Going down the data below, set down exactly the line with "# Sketch21 → Cut-Extrude5 (cut)" and each line after it through the line with "27.074948387), (32.349832306, 29.305142187))"; no other lines.

====== Material provided ======

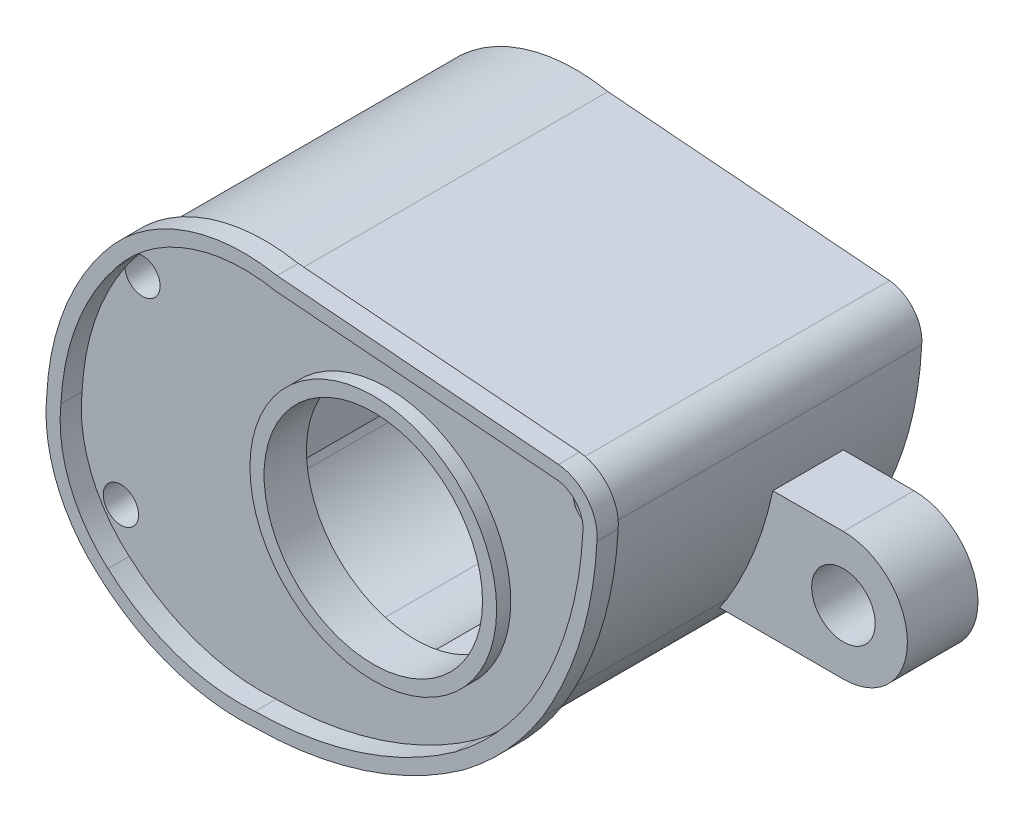
from build123d import *

# Parameters (mm, degrees)
SKETCH5_R           = 15.473305228
BOSS_EXTRUDE2_DEPTH = 44
SKETCH12_R          = 17.473305228
SKETCH12_R_2        = 15.473305228
EXTRUDE_THIN3_DEPTH = 2
CUT_EXTRUDE1_DEPTH  = 40
SKETCH20_R          = 2.5
CUT_EXTRUDE4_DEPTH  = 5
SKETCH21_R          = 1.5
CUT_EXTRUDE5_DEPTH  = 10
EXTRUDE_THIN4_DEPTH = 3
SKETCH25_R          = 9.063523101
SKETCH25_R_2        = 4.5
BOSS_EXTRUDE4_DEPTH = 10
BOSS_EXTRUDE5_DEPTH = 10


with BuildPart() as part:
    # Sketch5 → Boss-Extrude2 (new body)
    with BuildSketch(Plane.XY):
        with BuildLine():
            Line((32.256739142, 28.309407593), (-7.64388079, 31.541344196))
            ThreePointArc((-7.64388079, 31.541344196), (-20.714496622, 30.419301273), (-31.22672033, 22.571172119))
            ThreePointArc((-31.22672033, 22.571172119), (-36.818780536, 12.696442206), (-39.126744744, 1.585423828))
            ThreePointArc((-39.126744744, 1.585423828), (-37.806199642, -8.134094121), (-32.121617791, -16.127741455))
            ThreePointArc((-32.121617791, -16.127741455), (-22.11279616, -22.017790129), (-10.593480584, -23.492426514))
            ThreePointArc((-10.593480584, -23.492426514), (4.580349487, -21.025233446), (18.305750373, -14.10096228))
            ThreePointArc((18.305750373, -14.10096228), (24.300474949, -8.686492062), (29.222071174, -2.280939697))
            ThreePointArc((29.222071174, -2.280939697), (34.556349639, 9.723965473), (36.807215217, 22.666371704))
            ThreePointArc((36.807215217, 22.666371704), (35.700688178, 26.430324101), (32.256739142, 28.309407593))
        make_face()
        with Locations((5.124956693, 6.135695376)):
            Circle(SKETCH5_R, mode=Mode.SUBTRACT)
    extrude(amount=BOSS_EXTRUDE2_DEPTH)

    # Sketch12 → Extrude-Thin3 (add)
    with BuildSketch(Plane.XY.offset(44)):
        with Locations((5.124956693, 6.135695376)):
            Circle(SKETCH12_R)
        with Locations((5.124956693, 6.135695376)):
            Circle(SKETCH12_R_2, mode=Mode.SUBTRACT)
    extrude(amount=EXTRUDE_THIN3_DEPTH)

    # Sketch16 → Cut-Extrude1 (cut)
    with BuildSketch(Plane(origin=(0, 0, 0), x_dir=(-1, 0, 0), z_dir=(0, 0, -1))):
        with BuildLine():
            Line((22.195471785, 22.948681705), (21.19553282, 24.948682404))
            Line((21.19553282, 24.948682404), (-31.552515336, 24.948682404))
            Line((-31.552515336, 24.948682404), (-31.552515336, 12.688177276))
            ThreePointArc((-31.552515336, 12.688177276), (-30.470262259, 11.403706176), (-29.631188371, 9.948682897))
            Line((-29.631188371, 9.948682897), (-25.55269716, 9.948682897))
            Line((-25.55269716, 9.948682897), (-15.553124406, -13.051317103))
            Line((-15.553124406, -13.051317103), (-4.053551652, -13.051317103))
            ThreePointArc((-4.053551652, -13.051317103), (2.244172832, -18.564410088), (10.485205672, -20.0275935))
            ThreePointArc((10.485205672, -20.0275935), (19.095948524, -17.571925714), (25.191809676, -11.0132922))
            ThreePointArc((25.191809676, -11.0132922), (25.412735131, -10.540335552), (25.595374129, -10.051317103))
            Line((25.595374129, -10.051317103), (24.555518172, 3.874317282))
            Line((24.555518172, 3.874317282), (24.111182234, 7.873233908))
            Line((24.111182234, 7.873233908), (23.369788191, 11.870123022))
            Line((23.369788191, 11.870123022), (22.595496199, 14.948681944))
            Line((22.595496199, 14.948681944), (22.195471785, 20.94868409))
            Line((22.195471785, 20.94868409), (22.195471785, 22.948681705))
        make_face()
    extrude(amount=-CUT_EXTRUDE1_DEPTH, mode=Mode.SUBTRACT)

    # Sketch20 → Cut-Extrude4 (cut)
    with BuildSketch(Plane.XY.offset(44)):
        with Locations((33.960691328, 23.464138043)):
            Circle(SKETCH20_R)
        with Locations((-29.578532791, 19.955369365)):
            Circle(SKETCH20_R)
        with Locations((-32.62963599, -9.640331665)):
            Circle(SKETCH20_R)
    extrude(amount=-CUT_EXTRUDE4_DEPTH, mode=Mode.SUBTRACT)

    # Sketch21 → Cut-Extrude5 (cut)
    with BuildSketch(Plane.XY.offset(39)):
        with Locations((33.960691328, 23.464138043)):
            Circle(SKETCH21_R)
        with Locations((-29.578532791, 19.955369365)):
            Circle(SKETCH21_R)
        with Locations((-32.62963599, -9.640331665)):
            Circle(SKETCH21_R)
    extrude(amount=-CUT_EXTRUDE5_DEPTH, mode=Mode.SUBTRACT)

    # Sketch22 → Extrude-Thin4 (add)
    with BuildSketch(Plane.XY.offset(44)):
        with BuildLine():
            ThreePointArc((37.804637591, 22.589570952), (36.465446402, 27.074948387), (32.349832306, 29.305142187))
            Line((32.349832306, 29.305142187), (-7.508152433, 32.533625355))
            ThreePointArc((-7.508152433, 32.533625355), (-21.0919102, 31.345630531), (-32.016062598, 23.185195421))
            ThreePointArc((-32.016062598, 23.185195421), (-37.751325392, 13.057617284), (-40.124101539, 1.663276075))
            ThreePointArc((-40.124101539, 1.663276075), (-38.732987991, -8.509770105), (-32.783055883, -16.877826833))
            ThreePointArc((-32.783055883, -16.877826833), (-22.446887925, -22.960392779), (-10.552022778, -24.492110653))
            ThreePointArc((-10.552022778, -24.492110653), (4.910897112, -21.969287876), (18.896663991, -14.907783002))
            ThreePointArc((18.896663991, -14.907783002), (25.035055299, -9.365013776), (30.073165065, -2.806081812))
            ThreePointArc((30.073165065, -2.806081812), (35.507374746, 9.414237288), (37.804637591, 22.589570952))
        make_face()
        with BuildLine():
            ThreePointArc((35.809903928, 22.745746473), (34.934653853, 25.78714501), (32.162368837, 27.313776446))
            Line((32.162368837, 27.313776446), (-7.780775078, 30.549157478))
            ThreePointArc((-7.780775078, 30.549157478), (-20.337586242, 29.492756605), (-30.437333452, 21.957201169))
            ThreePointArc((-30.437333452, 21.957201169), (-35.886275494, 12.335154333), (-38.129381097, 1.507262942))
            ThreePointArc((-38.129381097, 1.507262942), (-36.879366836, -7.758521051), (-31.460237604, -15.377597571))
            ThreePointArc((-31.460237604, -15.377597571), (-21.778858305, -21.07513046), (-10.635186571, -22.492722237))
            ThreePointArc((-10.635186571, -22.492722237), (4.249673531, -20.08121001), (17.714822717, -13.294148135))
            ThreePointArc((17.714822717, -13.294148135), (23.565896834, -8.007967929), (28.370986318, -1.755777548))
            ThreePointArc((28.370986318, -1.755777548), (33.605695031, 10.034938826), (35.809903928, 22.745746473))
        make_face(mode=Mode.SUBTRACT)
    extrude(amount=EXTRUDE_THIN4_DEPTH)


with BuildPart() as body_2:
    # Sketch25 → Boss-Extrude4 (new body)
    with BuildSketch(Plane.XY.offset(20)):
        with Locations(Location((45.722016575, 5.199127346, 0), (0, 0, 180))):
            Circle(SKETCH25_R)
        with Locations(Location((45.722016575, 5.199127346, 0), (0, 0, 180))):
            Circle(SKETCH25_R_2, mode=Mode.SUBTRACT)
    extrude(amount=-BOSS_EXTRUDE4_DEPTH)

    # Sketch26 → Boss-Extrude5 (add)
    with BuildSketch(Plane.XY.offset(20)):
        with BuildLine():
            Line((45.722016575, 14.262650447), (35.722016575, 14.262650447))
            ThreePointArc((35.722016575, 14.262650447), (32.795294741, 4.845637931), (28.17132041, -3.864395755))
            Line((28.17132041, -3.864395755), (45.722016575, -3.864395755))
            ThreePointArc((45.722016575, -3.864395755), (36.658493473, 5.199127346), (45.722016575, 14.262650447))
        make_face()
    extrude(amount=-BOSS_EXTRUDE5_DEPTH)


solid = Compound([part.part, body_2.part])

======

=== Response ===
    # Sketch21 → Cut-Extrude5 (cut)
    with BuildSketch(Plane.XY.offset(39)):
        with Locations((33.960691328, 23.464138043)):
            Circle(SKETCH21_R)
        with Locations((-29.578532791, 19.955369365)):
            Circle(SKETCH21_R)
        with Locations((-32.62963599, -9.640331665)):
            Circle(SKETCH21_R)
    extrude(amount=-CUT_EXTRUDE5_DEPTH, mode=Mode.SUBTRACT)

    # Sketch22 → Extrude-Thin4 (add)
    with BuildSketch(Plane.XY.offset(44)):
        with BuildLine():
            ThreePointArc((37.804637591, 22.589570952), (36.465446402, 27.074948387), (32.349832306, 29.305142187))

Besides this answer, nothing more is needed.